**EXERCISE REQUIREMENTS:**
Look through the entries below and show every line containing the word "Datasheet".

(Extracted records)
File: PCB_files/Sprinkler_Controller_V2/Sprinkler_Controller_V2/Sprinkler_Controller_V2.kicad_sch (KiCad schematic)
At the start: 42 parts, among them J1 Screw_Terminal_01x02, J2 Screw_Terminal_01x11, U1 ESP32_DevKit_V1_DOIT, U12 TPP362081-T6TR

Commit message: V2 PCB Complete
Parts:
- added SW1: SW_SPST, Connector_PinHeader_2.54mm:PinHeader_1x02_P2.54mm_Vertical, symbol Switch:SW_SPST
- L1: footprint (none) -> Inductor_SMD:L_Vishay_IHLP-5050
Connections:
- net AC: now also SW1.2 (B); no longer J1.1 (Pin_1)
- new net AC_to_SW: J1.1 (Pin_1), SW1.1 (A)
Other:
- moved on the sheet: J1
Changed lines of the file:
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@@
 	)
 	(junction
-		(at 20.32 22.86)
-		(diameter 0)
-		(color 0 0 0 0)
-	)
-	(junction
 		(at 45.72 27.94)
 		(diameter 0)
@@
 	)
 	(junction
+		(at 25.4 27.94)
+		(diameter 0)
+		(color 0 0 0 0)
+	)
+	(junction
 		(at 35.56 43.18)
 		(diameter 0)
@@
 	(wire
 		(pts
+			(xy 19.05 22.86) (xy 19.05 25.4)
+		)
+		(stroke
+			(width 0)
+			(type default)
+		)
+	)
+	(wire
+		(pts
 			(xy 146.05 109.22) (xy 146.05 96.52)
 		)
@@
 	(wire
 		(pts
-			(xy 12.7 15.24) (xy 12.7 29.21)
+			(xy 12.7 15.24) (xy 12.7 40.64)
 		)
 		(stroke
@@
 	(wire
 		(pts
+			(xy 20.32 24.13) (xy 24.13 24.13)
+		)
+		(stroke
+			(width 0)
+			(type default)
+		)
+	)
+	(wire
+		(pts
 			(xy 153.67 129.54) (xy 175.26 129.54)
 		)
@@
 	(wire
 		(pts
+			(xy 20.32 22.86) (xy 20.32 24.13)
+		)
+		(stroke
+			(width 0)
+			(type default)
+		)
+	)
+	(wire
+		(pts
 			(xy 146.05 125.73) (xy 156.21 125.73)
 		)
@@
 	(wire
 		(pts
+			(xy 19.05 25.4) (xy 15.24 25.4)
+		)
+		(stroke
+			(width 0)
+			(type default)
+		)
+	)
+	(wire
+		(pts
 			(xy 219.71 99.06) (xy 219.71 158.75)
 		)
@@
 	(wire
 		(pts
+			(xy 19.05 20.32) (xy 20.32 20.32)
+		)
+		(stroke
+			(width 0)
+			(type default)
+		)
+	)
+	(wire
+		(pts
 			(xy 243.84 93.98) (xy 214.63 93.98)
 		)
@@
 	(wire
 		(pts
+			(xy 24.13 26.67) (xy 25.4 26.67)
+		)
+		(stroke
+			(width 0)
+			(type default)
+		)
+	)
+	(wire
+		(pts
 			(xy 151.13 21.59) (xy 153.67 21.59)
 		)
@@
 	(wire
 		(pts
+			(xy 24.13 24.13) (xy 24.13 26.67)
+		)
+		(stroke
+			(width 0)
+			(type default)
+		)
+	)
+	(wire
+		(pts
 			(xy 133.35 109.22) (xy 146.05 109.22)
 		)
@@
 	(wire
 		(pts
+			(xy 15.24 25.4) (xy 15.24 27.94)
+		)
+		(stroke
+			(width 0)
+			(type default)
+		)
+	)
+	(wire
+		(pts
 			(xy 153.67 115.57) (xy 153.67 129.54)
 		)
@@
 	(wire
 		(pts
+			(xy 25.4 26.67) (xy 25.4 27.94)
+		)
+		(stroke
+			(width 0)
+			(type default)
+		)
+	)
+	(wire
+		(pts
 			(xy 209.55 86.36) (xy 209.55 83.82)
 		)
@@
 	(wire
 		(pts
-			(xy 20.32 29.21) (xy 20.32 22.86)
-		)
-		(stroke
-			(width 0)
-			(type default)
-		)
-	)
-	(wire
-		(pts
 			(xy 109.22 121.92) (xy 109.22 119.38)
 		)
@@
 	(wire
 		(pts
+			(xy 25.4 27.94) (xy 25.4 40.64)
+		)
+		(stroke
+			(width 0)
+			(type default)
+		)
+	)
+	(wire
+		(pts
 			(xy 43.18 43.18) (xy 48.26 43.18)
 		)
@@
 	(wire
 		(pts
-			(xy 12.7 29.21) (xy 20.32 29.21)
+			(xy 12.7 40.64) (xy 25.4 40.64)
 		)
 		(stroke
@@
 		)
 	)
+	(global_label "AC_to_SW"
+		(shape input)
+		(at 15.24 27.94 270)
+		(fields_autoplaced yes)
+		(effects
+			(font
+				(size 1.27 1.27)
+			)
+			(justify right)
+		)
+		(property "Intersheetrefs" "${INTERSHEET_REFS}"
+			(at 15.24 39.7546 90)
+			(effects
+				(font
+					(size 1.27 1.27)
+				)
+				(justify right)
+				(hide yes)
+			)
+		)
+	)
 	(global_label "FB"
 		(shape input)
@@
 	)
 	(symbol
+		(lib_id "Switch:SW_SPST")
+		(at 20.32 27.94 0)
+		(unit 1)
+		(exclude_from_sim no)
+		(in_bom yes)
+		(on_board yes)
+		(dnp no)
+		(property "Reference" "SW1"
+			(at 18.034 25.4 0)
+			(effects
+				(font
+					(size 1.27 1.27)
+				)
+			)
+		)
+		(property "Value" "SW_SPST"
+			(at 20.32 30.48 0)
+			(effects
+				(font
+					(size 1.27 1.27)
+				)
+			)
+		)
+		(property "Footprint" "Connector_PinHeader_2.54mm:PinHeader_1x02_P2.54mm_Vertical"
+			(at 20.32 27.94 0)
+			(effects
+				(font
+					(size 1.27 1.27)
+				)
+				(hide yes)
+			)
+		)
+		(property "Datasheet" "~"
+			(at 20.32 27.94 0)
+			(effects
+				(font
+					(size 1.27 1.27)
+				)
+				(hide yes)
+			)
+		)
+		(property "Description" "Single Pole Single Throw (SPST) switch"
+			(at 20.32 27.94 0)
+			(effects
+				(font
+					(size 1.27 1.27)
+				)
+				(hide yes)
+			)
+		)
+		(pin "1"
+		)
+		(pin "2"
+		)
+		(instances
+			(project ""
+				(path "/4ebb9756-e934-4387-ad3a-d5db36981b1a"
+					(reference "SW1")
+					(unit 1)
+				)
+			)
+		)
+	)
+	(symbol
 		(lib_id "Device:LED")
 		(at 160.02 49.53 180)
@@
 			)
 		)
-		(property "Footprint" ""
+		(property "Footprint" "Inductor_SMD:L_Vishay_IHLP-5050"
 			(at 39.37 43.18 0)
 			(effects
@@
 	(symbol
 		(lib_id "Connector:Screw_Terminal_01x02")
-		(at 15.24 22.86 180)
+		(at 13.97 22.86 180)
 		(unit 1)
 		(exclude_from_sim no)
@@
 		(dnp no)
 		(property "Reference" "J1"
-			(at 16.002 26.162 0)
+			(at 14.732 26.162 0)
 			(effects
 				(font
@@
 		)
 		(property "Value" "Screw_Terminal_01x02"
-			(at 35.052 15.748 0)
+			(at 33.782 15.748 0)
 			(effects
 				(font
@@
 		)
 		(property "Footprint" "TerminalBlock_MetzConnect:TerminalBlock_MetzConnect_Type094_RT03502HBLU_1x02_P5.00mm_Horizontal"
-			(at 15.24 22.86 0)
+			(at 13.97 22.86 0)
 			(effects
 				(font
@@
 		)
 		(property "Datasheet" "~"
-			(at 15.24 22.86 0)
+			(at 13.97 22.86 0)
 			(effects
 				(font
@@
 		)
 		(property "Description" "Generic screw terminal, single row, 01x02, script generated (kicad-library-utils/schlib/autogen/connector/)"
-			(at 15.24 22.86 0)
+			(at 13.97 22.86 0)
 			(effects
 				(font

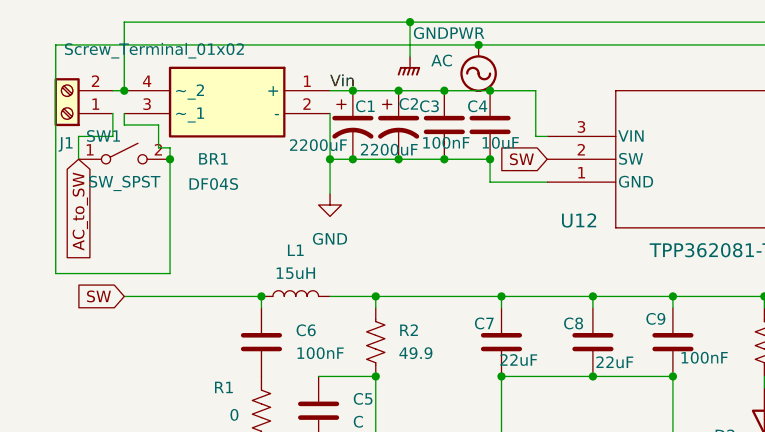
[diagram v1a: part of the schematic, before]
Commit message: changed C1,C2 capacitor values
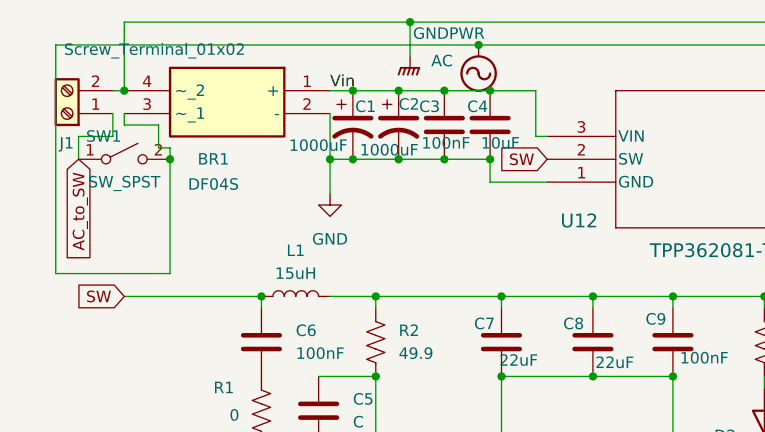
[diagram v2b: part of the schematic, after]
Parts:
- C1, C2: value 2200uF -> 1000uF
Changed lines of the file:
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@@
 			)
 		)
-		(property "Value" "2200uF"
+		(property "Value" "1000uF"
 			(at 46.482 26.924 0)
 			(effects
@@
 			)
 		)
-		(property "Value" "2200uF"
+		(property "Value" "1000uF"
 			(at 38.608 26.416 0)
 			(effects

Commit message: updated size of leds on pcb
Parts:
- D10, D11, D12, D3, D4, D5, D6, D7, D8, D9: footprint LED_SMD:LED_0402_1005Metric -> LED_SMD:LED_0805_2012Metric_Pad1.15x1.40mm_HandSolder
- D2: footprint LED_SMD:LED_0402_1005Metric -> LED_SMD:LED_0805_2012Metric
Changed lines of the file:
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@@
 	(label "Vin"
 		(at 43.18 20.32 0)
-		(fields_autoplaced yes)
 		(effects
 			(font
@@
 			)
 		)
-		(property "Footprint" "LED_SMD:LED_0402_1005Metric"
+		(property "Footprint" "LED_SMD:LED_0805_2012Metric_Pad1.15x1.40mm_HandSolder"
 			(at 158.75 154.94 0)
 			(effects
@@
 			)
 		)
-		(property "Footprint" "LED_SMD:LED_0402_1005Metric"
+		(property "Footprint" "LED_SMD:LED_0805_2012Metric"
 			(at 91.44 57.15 0)
 			(effects
@@
 			)
 		)
-		(property "Footprint" "LED_SMD:LED_0402_1005Metric"
+		(property "Footprint" "LED_SMD:LED_0805_2012Metric_Pad1.15x1.40mm_HandSolder"
 			(at 160.02 96.52 0)
 			(effects
@@
 			)
 		)
-		(property "Footprint" "LED_SMD:LED_0402_1005Metric"
+		(property "Footprint" "LED_SMD:LED_0805_2012Metric_Pad1.15x1.40mm_HandSolder"
 			(at 165.1 35.56 0)
 			(effects
@@
 			)
 		)
-		(property "Footprint" "LED_SMD:LED_0402_1005Metric"
+		(property "Footprint" "LED_SMD:LED_0805_2012Metric_Pad1.15x1.40mm_HandSolder"
 			(at 162.56 64.77 0)
 			(effects
@@
 			)
 		)
-		(property "Footprint" "LED_SMD:LED_0402_1005Metric"
+		(property "Footprint" "LED_SMD:LED_0805_2012Metric_Pad1.15x1.40mm_HandSolder"
 			(at 160.02 49.53 0)
 			(effects
@@
 			)
 		)
-		(property "Footprint" "LED_SMD:LED_0402_1005Metric"
+		(property "Footprint" "LED_SMD:LED_0805_2012Metric_Pad1.15x1.40mm_HandSolder"
 			(at 160.02 140.97 0)
 			(effects
@@
 			)
 		)
-		(property "Footprint" "LED_SMD:LED_0402_1005Metric"
+		(property "Footprint" "LED_SMD:LED_0805_2012Metric_Pad1.15x1.40mm_HandSolder"
 			(at 160.02 125.73 0)
 			(effects
@@
 			)
 		)
-		(property "Footprint" "LED_SMD:LED_0402_1005Metric"
+		(property "Footprint" "LED_SMD:LED_0805_2012Metric_Pad1.15x1.40mm_HandSolder"
 			(at 162.56 80.01 0)
 			(effects
@@
 			)
 		)
-		(property "Footprint" "LED_SMD:LED_0402_1005Metric"
+		(property "Footprint" "LED_SMD:LED_0805_2012Metric_Pad1.15x1.40mm_HandSolder"
 			(at 161.29 111.76 0)
 			(effects
@@
 			)
 		)
-		(property "Footprint" "LED_SMD:LED_0402_1005Metric"
+		(property "Footprint" "LED_SMD:LED_0805_2012Metric_Pad1.15x1.40mm_HandSolder"
 			(at 157.48 21.59 0)
 			(effects

**COMPLETED EXERCISE:**
+		(property "Datasheet" "~"
 		(property "Datasheet" "~"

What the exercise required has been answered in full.